■ **Provided records**:
Start of Block

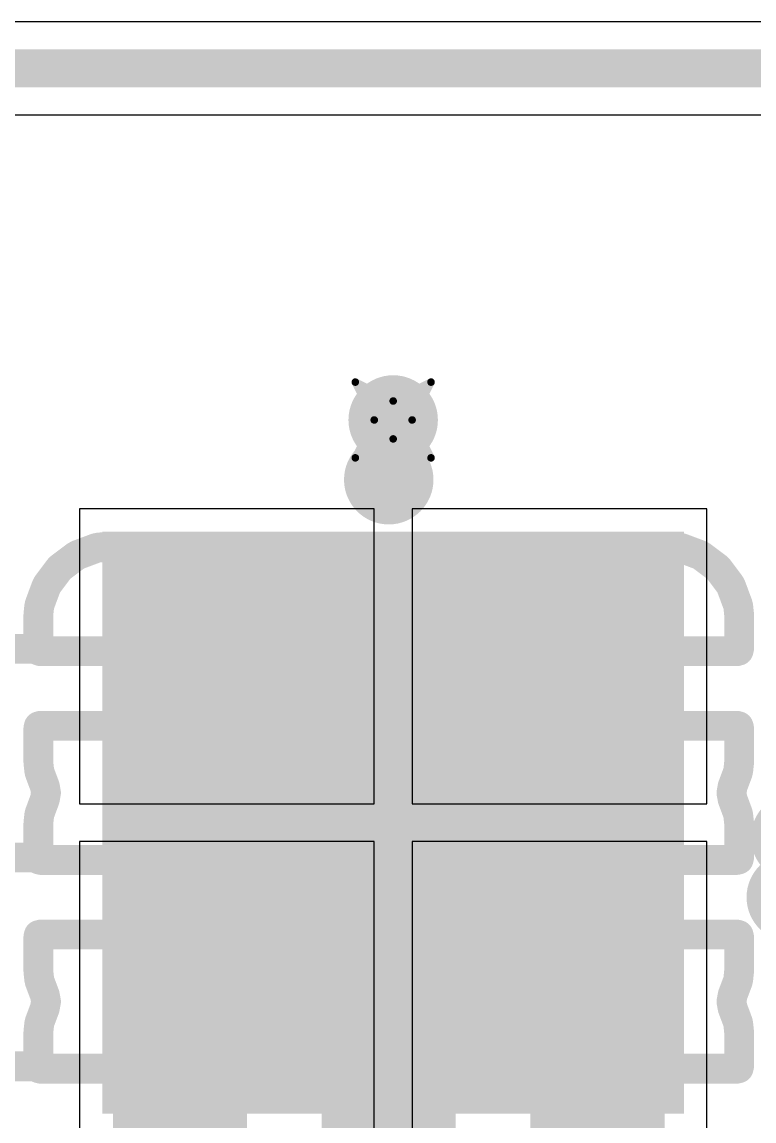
# Model space of a CAD drawing. Header units: inches. Extents: x 0 to 12.4, y -0.6 to 2.2.
# Drawn here: x 1.8924 to 2.0857, y 1.5361 to 1.8262 of the extents above; entities that cross this region are included whole.
import ezdxf

# ---------------------------------------------------------------- set-up
doc = ezdxf.new("R2010")
doc.units = ezdxf.units.IN
doc.header["$MEASUREMENT"] = 0
for name, color, linetype in [('Bottom Layer', 5, 'Continuous'), ('Dimension', 6, 'Continuous'), ('Drill Drawing', 1, 'Continuous'), ('Top Layer', 1, 'Continuous'), ('Top Paste', 8, 'Continuous'), ('Top Solder', 216, 'Continuous'), ('Via Holes', 16, 'Continuous')]:
    doc.layers.add(name, color=color, linetype=linetype)

# ---------------------------------------------------------------- blocks, each defined once
blk = doc.blocks.new('41_SMD_UFL_M______17')
at = {"layer": 'Top Layer'}
blk.add_hatch(color=1, dxfattribs=at).paths.add_polyline_path([(-0.13189, 0.12244), (0.01378, 0.12244), (0.01378, -0.02323), (-0.13189, -0.02323)])
at = {"layer": 'Top Paste'}
blk.add_hatch(color=8, dxfattribs=at).paths.add_polyline_path([(-0.13189, 0.12244), (0.01378, 0.12244), (0.01378, -0.02323), (-0.13189, -0.02323)])
at = {"layer": 'Top Solder'}
blk.add_hatch(color=216, dxfattribs=at).paths.add_polyline_path([(-0.13589, 0.12644), (0.01778, 0.12644), (0.01778, -0.02723), (-0.13589, -0.02723)])

msp = doc.modelspace()

# ---------------------------------------------------------------- hatches: boundary and pattern name
at = {"layer": 'Bottom Layer'}
h = msp.add_hatch(color=5, dxfattribs=at)
edge = h.paths.add_edge_path()
edge.add_arc((1.99044, 1.72116), 0.01181, 0, 360)
h = msp.add_hatch(color=5, dxfattribs=at)
edge = h.paths.add_edge_path()
edge.add_arc((2.09674, 1.61092), 0.01181, 0, 360)
at = {"layer": 'Dimension'}
h = msp.add_hatch(color=6, dxfattribs=at)
edge = h.paths.add_edge_path()
edge.add_arc((1.98927, 1.70539), 0.01181, 0, 360)
for points in [[(1.91643, 1.66799), (1.95186, 1.66799), (1.95186, 1.63256), (1.91643, 1.63256)], [(1.97155, 1.66799), (2.00698, 1.66799), (2.00698, 1.63256), (1.97155, 1.63256)], [(2.02667, 1.66799), (2.0621, 1.66799), (2.0621, 1.63256), (2.02667, 1.63256)], [(1.91643, 1.61287), (1.95186, 1.61287), (1.95186, 1.57744), (1.91643, 1.57744)], [(1.97155, 1.61287), (2.00698, 1.61287), (2.00698, 1.57744), (1.97155, 1.57744)], [(2.02667, 1.61287), (2.0621, 1.61287), (2.0621, 1.57744), (2.02667, 1.57744)], [(1.91643, 1.55775), (1.95186, 1.55775), (1.95186, 1.52232), (1.91643, 1.52232)], [(1.97155, 1.55775), (2.00698, 1.55775), (2.00698, 1.52232), (1.97155, 1.52232)], [(2.02667, 1.55775), (2.0621, 1.55775), (2.0621, 1.52232), (2.02667, 1.52232)], [(2.02667, 1.55775), (2.0621, 1.55775), (2.0621, 1.52232), (2.02667, 1.52232)]]:
    msp.add_hatch(color=6, dxfattribs=at).paths.add_polyline_path(points)
h = msp.add_hatch(color=6, dxfattribs=at)
edge = h.paths.add_edge_path()
edge.add_arc((2.09557, 1.59515), 0.01181, 0, 360)
at = {"layer": 'Top Layer'}
h = msp.add_hatch(color=1, dxfattribs=at)
edge = h.paths.add_edge_path()
edge.add_arc((1.99044, 1.72116), 0.01181, 0, 360)
h = msp.add_hatch(color=1, dxfattribs=at)
edge = h.paths.add_edge_path()
edge.add_arc((2.09674, 1.61092), 0.01181, 0, 360)
at = {"layer": 'Via Holes'}
h = msp.add_hatch(color=7, dxfattribs=at)
edge = h.paths.add_edge_path()
edge.add_arc((1.99044, 1.72116), 0.00591, 0, 360)

# ---------------------------------------------------------------- linework, layer by layer
at = {"layer": 'Bottom Layer'}
for p, q in [((2.137, 1.82624), (1.77137, 1.82624)), ((1.77137, 1.80176), (2.13193, 1.80176))]:
    msp.add_line(p, q, dxfattribs=at)
at = {"layer": 'Bottom Layer', "const_width": 0.01}
msp.add_lwpolyline([(1.757, 1.814), (2.137, 1.814)], dxfattribs=at)
at = {"layer": 'Dimension', "const_width": 0.00787}
for points in [[(1.90265, 1.68226), (1.90662, 1.68523)], [(1.90662, 1.68523), (1.90723, 1.68557)], [(1.90723, 1.68557), (1.91192, 1.68732)], [(1.91192, 1.68732), (1.91251, 1.68745)], [(1.91251, 1.68745), (1.91442, 1.68766)], [(1.91442, 1.68766), (1.91468, 1.68767)], [(1.91468, 1.68767), (1.92366, 1.68767)], [(1.92366, 1.68767), (1.92417, 1.68754)], [(1.92417, 1.68754), (1.92431, 1.68703)], [(1.92431, 1.66076), (1.92431, 1.68703)], [(1.94399, 1.68703), (1.94413, 1.68754)], [(1.94399, 1.66076), (1.94399, 1.68703)], [(1.94413, 1.68754), (1.94463, 1.68767)], [(1.94463, 1.68767), (1.95362, 1.68767)], [(1.95362, 1.68767), (1.95388, 1.68766)], [(1.95388, 1.68766), (1.95579, 1.68745)], [(1.95579, 1.68745), (1.95638, 1.68731)], [(1.95638, 1.68731), (1.96, 1.68596)], [(1.96, 1.68596), (1.96171, 1.68566)], [(1.96171, 1.68566), (1.96341, 1.68596)], [(1.96341, 1.68596), (1.96704, 1.68731)], [(1.96704, 1.68731), (1.96763, 1.68745)], [(1.96763, 1.68745), (1.96954, 1.68766)], [(1.96954, 1.68766), (1.9698, 1.68767)], [(1.9698, 1.68767), (1.97878, 1.68767)], [(1.97878, 1.68767), (1.97929, 1.68754)], [(1.97929, 1.68754), (1.97942, 1.68703)], [(1.97942, 1.66076), (1.97942, 1.68703)], [(1.99911, 1.68703), (1.99924, 1.68754)], [(1.99911, 1.66076), (1.99911, 1.68703)], [(1.99924, 1.68754), (1.99975, 1.68767)], [(1.99975, 1.68767), (2.00874, 1.68767)], [(2.00874, 1.68767), (2.00899, 1.68766)], [(2.00899, 1.68766), (2.01091, 1.68745)], [(2.01091, 1.68745), (2.0115, 1.68731)], [(2.0115, 1.68731), (2.01512, 1.68596)], [(2.01512, 1.68596), (2.01682, 1.68566)], [(2.01682, 1.68566), (2.01853, 1.68596)], [(2.01853, 1.68596), (2.02215, 1.68731)], [(2.02215, 1.68731), (2.02274, 1.68745)], [(2.02274, 1.68745), (2.02466, 1.68766)], [(2.02466, 1.68766), (2.02491, 1.68767)], [(2.02491, 1.68767), (2.0339, 1.68767)], [(2.0339, 1.68767), (2.03441, 1.68754)], [(2.03441, 1.68754), (2.03454, 1.68703)], [(2.03454, 1.66076), (2.03454, 1.68703)], [(2.05423, 1.68703), (2.05436, 1.68754)], [(2.05423, 1.66076), (2.05423, 1.68703)], [(2.05436, 1.68754), (2.05487, 1.68767)], [(2.05487, 1.68767), (2.06385, 1.68767)], [(2.06385, 1.68767), (2.06411, 1.68766)], [(2.06411, 1.68766), (2.06602, 1.68745)], [(2.06602, 1.68745), (2.06661, 1.68732)], [(2.06661, 1.68732), (2.0713, 1.68557)], [(2.0713, 1.68557), (2.07191, 1.68523)], [(2.07191, 1.68523), (2.07588, 1.68226)], [(1.90216, 1.68177), (1.90265, 1.68226)], [(2.07588, 1.68226), (2.07637, 1.68177)], [(1.89919, 1.6778), (1.90216, 1.68177)], [(2.07637, 1.68177), (2.07935, 1.6778)], [(1.8971, 1.6725), (1.89885, 1.67719)], [(1.89885, 1.67719), (1.89919, 1.6778)], [(2.07935, 1.6778), (2.07968, 1.67719)], [(2.07968, 1.67719), (2.08143, 1.6725)], [(1.89676, 1.67), (1.89697, 1.67191)], [(1.89697, 1.67191), (1.8971, 1.6725)], [(2.08143, 1.6725), (2.08157, 1.67191)], [(2.08157, 1.67191), (2.08177, 1.67)], [(1.89675, 1.66974), (1.89676, 1.67)], [(1.89675, 1.66076), (1.89675, 1.66974)], [(2.08177, 1.67), (2.08179, 1.66974)], [(2.08179, 1.66076), (2.08179, 1.66974)], [(1.85149, 1.66076), (1.89675, 1.66076)], [(1.85149, 1.66076), (1.89675, 1.66076)], [(1.89675, 1.66076), (1.89688, 1.66025)], [(1.89688, 1.66025), (1.89739, 1.66011)], [(1.89739, 1.66011), (1.92366, 1.66011)], [(1.92366, 1.66011), (1.92417, 1.66025)], [(1.92417, 1.66025), (1.92431, 1.66076)], [(1.92431, 1.66076), (1.94399, 1.66076)], [(1.92431, 1.66076), (1.94399, 1.66076)], [(1.94399, 1.66076), (1.94413, 1.66025)], [(1.94413, 1.66025), (1.94463, 1.66011)], [(1.94463, 1.66011), (1.97878, 1.66011)], [(1.97878, 1.66011), (1.97929, 1.66025)], [(1.97929, 1.66025), (1.97942, 1.66076)], [(1.97942, 1.66076), (1.99911, 1.66076)], [(1.97942, 1.66076), (1.99911, 1.66076)], [(1.99911, 1.66076), (1.99924, 1.66025)], [(1.99924, 1.66025), (1.99975, 1.66011)], [(1.99975, 1.66011), (2.0339, 1.66011)], [(2.0339, 1.66011), (2.03441, 1.66025)], [(2.03441, 1.66025), (2.03454, 1.66076)], [(2.03454, 1.66076), (2.05423, 1.66076)], [(2.03454, 1.66076), (2.05423, 1.66076)], [(2.05423, 1.66076), (2.05436, 1.66025)], [(2.05436, 1.66025), (2.05487, 1.66011)], [(2.05487, 1.66011), (2.08114, 1.66011)], [(2.08114, 1.66011), (2.08165, 1.66025)], [(2.08165, 1.66025), (2.08179, 1.66076)], [(1.89675, 1.63979), (1.89688, 1.64029)], [(1.89675, 1.6308), (1.89675, 1.63979)], [(1.89688, 1.64029), (1.89739, 1.64043)], [(1.89739, 1.64043), (1.92366, 1.64043)], [(1.92366, 1.64043), (1.92417, 1.64029)], [(1.92417, 1.64029), (1.92431, 1.63979)], [(1.92431, 1.60564), (1.92431, 1.63979)], [(1.94399, 1.63979), (1.94413, 1.64029)], [(1.94399, 1.60564), (1.94399, 1.63979)], [(1.94413, 1.64029), (1.94463, 1.64043)], [(1.94463, 1.64043), (1.97878, 1.64043)], [(1.97878, 1.64043), (1.97929, 1.64029)], [(1.97929, 1.64029), (1.97942, 1.63979)], [(1.97942, 1.60564), (1.97942, 1.63979)], [(1.99911, 1.63979), (1.99924, 1.64029)], [(1.99911, 1.60564), (1.99911, 1.63979)], [(1.99924, 1.64029), (1.99975, 1.64043)], [(1.99975, 1.64043), (2.0339, 1.64043)], [(2.0339, 1.64043), (2.03441, 1.64029)], [(2.03441, 1.64029), (2.03454, 1.63979)], [(2.03454, 1.60564), (2.03454, 1.63979)], [(2.05423, 1.63979), (2.05436, 1.64029)], [(2.05423, 1.60564), (2.05423, 1.63979)], [(2.05436, 1.64029), (2.05487, 1.64043)], [(2.05487, 1.64043), (2.08114, 1.64043)], [(2.08114, 1.64043), (2.08165, 1.64029)], [(2.08165, 1.64029), (2.08179, 1.63979)], [(2.08179, 1.6308), (2.08179, 1.63979)], [(1.89675, 1.6308), (1.89676, 1.63054)], [(1.89676, 1.63054), (1.89697, 1.62863)], [(2.08157, 1.62863), (2.08177, 1.63054)], [(2.08177, 1.63054), (2.08179, 1.6308)], [(1.89697, 1.62863), (1.8971, 1.62804)], [(1.8971, 1.62804), (1.89846, 1.62442)], [(2.08008, 1.62442), (2.08143, 1.62804)], [(2.08143, 1.62804), (2.08157, 1.62863)], [(1.89846, 1.62442), (1.89876, 1.62271)], [(2.07977, 1.62271), (2.08008, 1.62442)], [(1.89711, 1.61738), (1.89846, 1.62101)], [(1.89846, 1.62101), (1.89876, 1.62271)], [(2.07977, 1.62271), (2.08008, 1.62101)], [(2.08008, 1.62101), (2.08143, 1.61738)], [(1.89676, 1.61488), (1.89697, 1.61679)], [(1.89697, 1.61679), (1.89711, 1.61738)], [(2.08143, 1.61738), (2.08157, 1.61679)], [(2.08157, 1.61679), (2.08177, 1.61488)], [(1.89675, 1.61462), (1.89676, 1.61488)], [(1.89675, 1.60564), (1.89675, 1.61462)], [(2.08177, 1.61488), (2.08179, 1.61462)], [(2.08179, 1.60564), (2.08179, 1.61462)], [(1.85149, 1.60564), (1.89675, 1.60564)], [(1.85149, 1.60564), (1.89675, 1.60564)], [(1.89675, 1.60564), (1.89688, 1.60513)], [(1.89688, 1.60513), (1.89739, 1.605)], [(1.89739, 1.605), (1.92366, 1.605)], [(1.92366, 1.605), (1.92417, 1.60513)], [(1.92417, 1.60513), (1.92431, 1.60564)], [(1.92431, 1.60564), (1.94399, 1.60564)], [(1.92431, 1.60564), (1.94399, 1.60564)], [(1.94399, 1.60564), (1.94413, 1.60513)], [(1.94413, 1.60513), (1.94463, 1.605)], [(1.94463, 1.605), (1.97878, 1.605)], [(1.97878, 1.605), (1.97929, 1.60513)], [(1.97929, 1.60513), (1.97942, 1.60564)], [(1.97942, 1.60564), (1.99911, 1.60564)], [(1.97942, 1.60564), (1.99911, 1.60564)], [(1.99911, 1.60564), (1.99924, 1.60513)], [(1.99924, 1.60513), (1.99975, 1.605)], [(1.99975, 1.605), (2.0339, 1.605)], [(2.0339, 1.605), (2.03441, 1.60513)], [(2.03441, 1.60513), (2.03454, 1.60564)], [(2.03454, 1.60564), (2.05423, 1.60564)], [(2.03454, 1.60564), (2.05423, 1.60564)], [(2.05423, 1.60564), (2.05436, 1.60513)], [(2.05436, 1.60513), (2.05487, 1.605)], [(2.05487, 1.605), (2.08114, 1.605)], [(2.08114, 1.605), (2.08165, 1.60513)], [(2.08165, 1.60513), (2.08179, 1.60564)], [(1.89675, 1.58467), (1.89688, 1.58518)], [(1.89675, 1.57568), (1.89675, 1.58467)], [(1.89688, 1.58518), (1.89739, 1.58531)], [(1.89739, 1.58531), (1.92366, 1.58531)], [(1.92366, 1.58531), (1.92417, 1.58518)], [(1.92417, 1.58518), (1.92431, 1.58467)], [(1.92431, 1.55052), (1.92431, 1.58467)], [(1.94399, 1.58467), (1.94413, 1.58518)], [(1.94399, 1.55052), (1.94399, 1.58467)], [(1.94413, 1.58518), (1.94463, 1.58531)], [(1.94463, 1.58531), (1.97878, 1.58531)], [(1.97878, 1.58531), (1.97929, 1.58518)], [(1.97929, 1.58518), (1.97942, 1.58467)], [(1.97942, 1.55052), (1.97942, 1.58467)], [(1.99911, 1.58467), (1.99924, 1.58518)], [(1.99911, 1.55052), (1.99911, 1.58467)], [(1.99924, 1.58518), (1.99975, 1.58531)], [(1.99975, 1.58531), (2.0339, 1.58531)], [(2.0339, 1.58531), (2.03441, 1.58518)], [(2.03441, 1.58518), (2.03454, 1.58467)], [(2.03454, 1.55052), (2.03454, 1.58467)], [(2.05423, 1.58467), (2.05436, 1.58518)], [(2.05423, 1.55052), (2.05423, 1.58467)], [(2.05436, 1.58518), (2.05487, 1.58531)], [(2.05487, 1.58531), (2.08114, 1.58531)], [(2.08114, 1.58531), (2.08165, 1.58518)], [(2.08165, 1.58518), (2.08179, 1.58467)], [(2.08179, 1.57568), (2.08179, 1.58467)], [(1.89675, 1.57568), (1.89676, 1.57543)], [(1.89676, 1.57543), (1.89697, 1.57351)], [(2.08157, 1.57351), (2.08177, 1.57543)], [(2.08177, 1.57543), (2.08179, 1.57568)], [(1.89697, 1.57351), (1.8971, 1.57292)], [(1.8971, 1.57292), (1.89846, 1.5693)], [(2.08008, 1.5693), (2.08143, 1.57292)], [(2.08143, 1.57292), (2.08157, 1.57351)], [(1.89846, 1.5693), (1.89876, 1.5676)], [(2.07977, 1.5676), (2.08008, 1.5693)], [(1.89711, 1.56227), (1.89846, 1.56589)], [(1.89846, 1.56589), (1.89876, 1.5676)], [(2.07977, 1.5676), (2.08008, 1.56589)], [(2.08008, 1.56589), (2.08143, 1.56227)], [(1.89676, 1.55976), (1.89697, 1.56168)], [(1.89697, 1.56168), (1.89711, 1.56227)], [(2.08143, 1.56227), (2.08157, 1.56168)], [(2.08157, 1.56168), (2.08177, 1.55976)], [(1.89675, 1.55951), (1.89676, 1.55976)], [(1.89675, 1.55052), (1.89675, 1.55951)], [(2.08177, 1.55976), (2.08179, 1.55951)], [(2.08179, 1.55052), (2.08179, 1.55951)], [(1.85149, 1.55052), (1.89675, 1.55052)], [(1.85149, 1.55052), (1.89675, 1.55052)], [(1.89675, 1.55052), (1.89688, 1.55001)], [(1.89688, 1.55001), (1.89739, 1.54988)], [(1.89739, 1.54988), (1.92366, 1.54988)], [(1.92366, 1.54988), (1.92417, 1.55001)], [(1.92417, 1.55001), (1.92431, 1.55052)], [(1.92431, 1.55052), (1.94399, 1.55052)], [(1.92431, 1.55052), (1.94399, 1.55052)], [(1.94399, 1.55052), (1.94413, 1.55001)], [(1.94413, 1.55001), (1.94463, 1.54988)], [(1.94463, 1.54988), (1.97878, 1.54988)], [(1.97878, 1.54988), (1.97929, 1.55001)], [(1.97929, 1.55001), (1.97942, 1.55052)], [(1.97942, 1.55052), (1.99911, 1.55052)], [(1.97942, 1.55052), (1.99911, 1.55052)], [(1.99911, 1.55052), (1.99924, 1.55001)], [(1.99924, 1.55001), (1.99975, 1.54988)], [(1.99975, 1.54988), (2.0339, 1.54988)], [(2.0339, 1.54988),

End of Block

■ **Your goal**: Take each line of the material that contains the word "Dimension" and list it.

■ **Task output**:
for name, color, linetype in [('Bottom Layer', 5, 'Continuous'), ('Dimension', 6, 'Continuous'), ('Drill Drawing', 1, 'Continuous'), ('Top Layer', 1, 'Continuous'), ('Top Paste', 8, 'Continuous'), ('Top Solder', 216, 'Continuous'), ('Via Holes', 16, 'Continuous')]:
at = {"layer": 'Dimension'}
at = {"layer": 'Dimension', "const_width": 0.00787}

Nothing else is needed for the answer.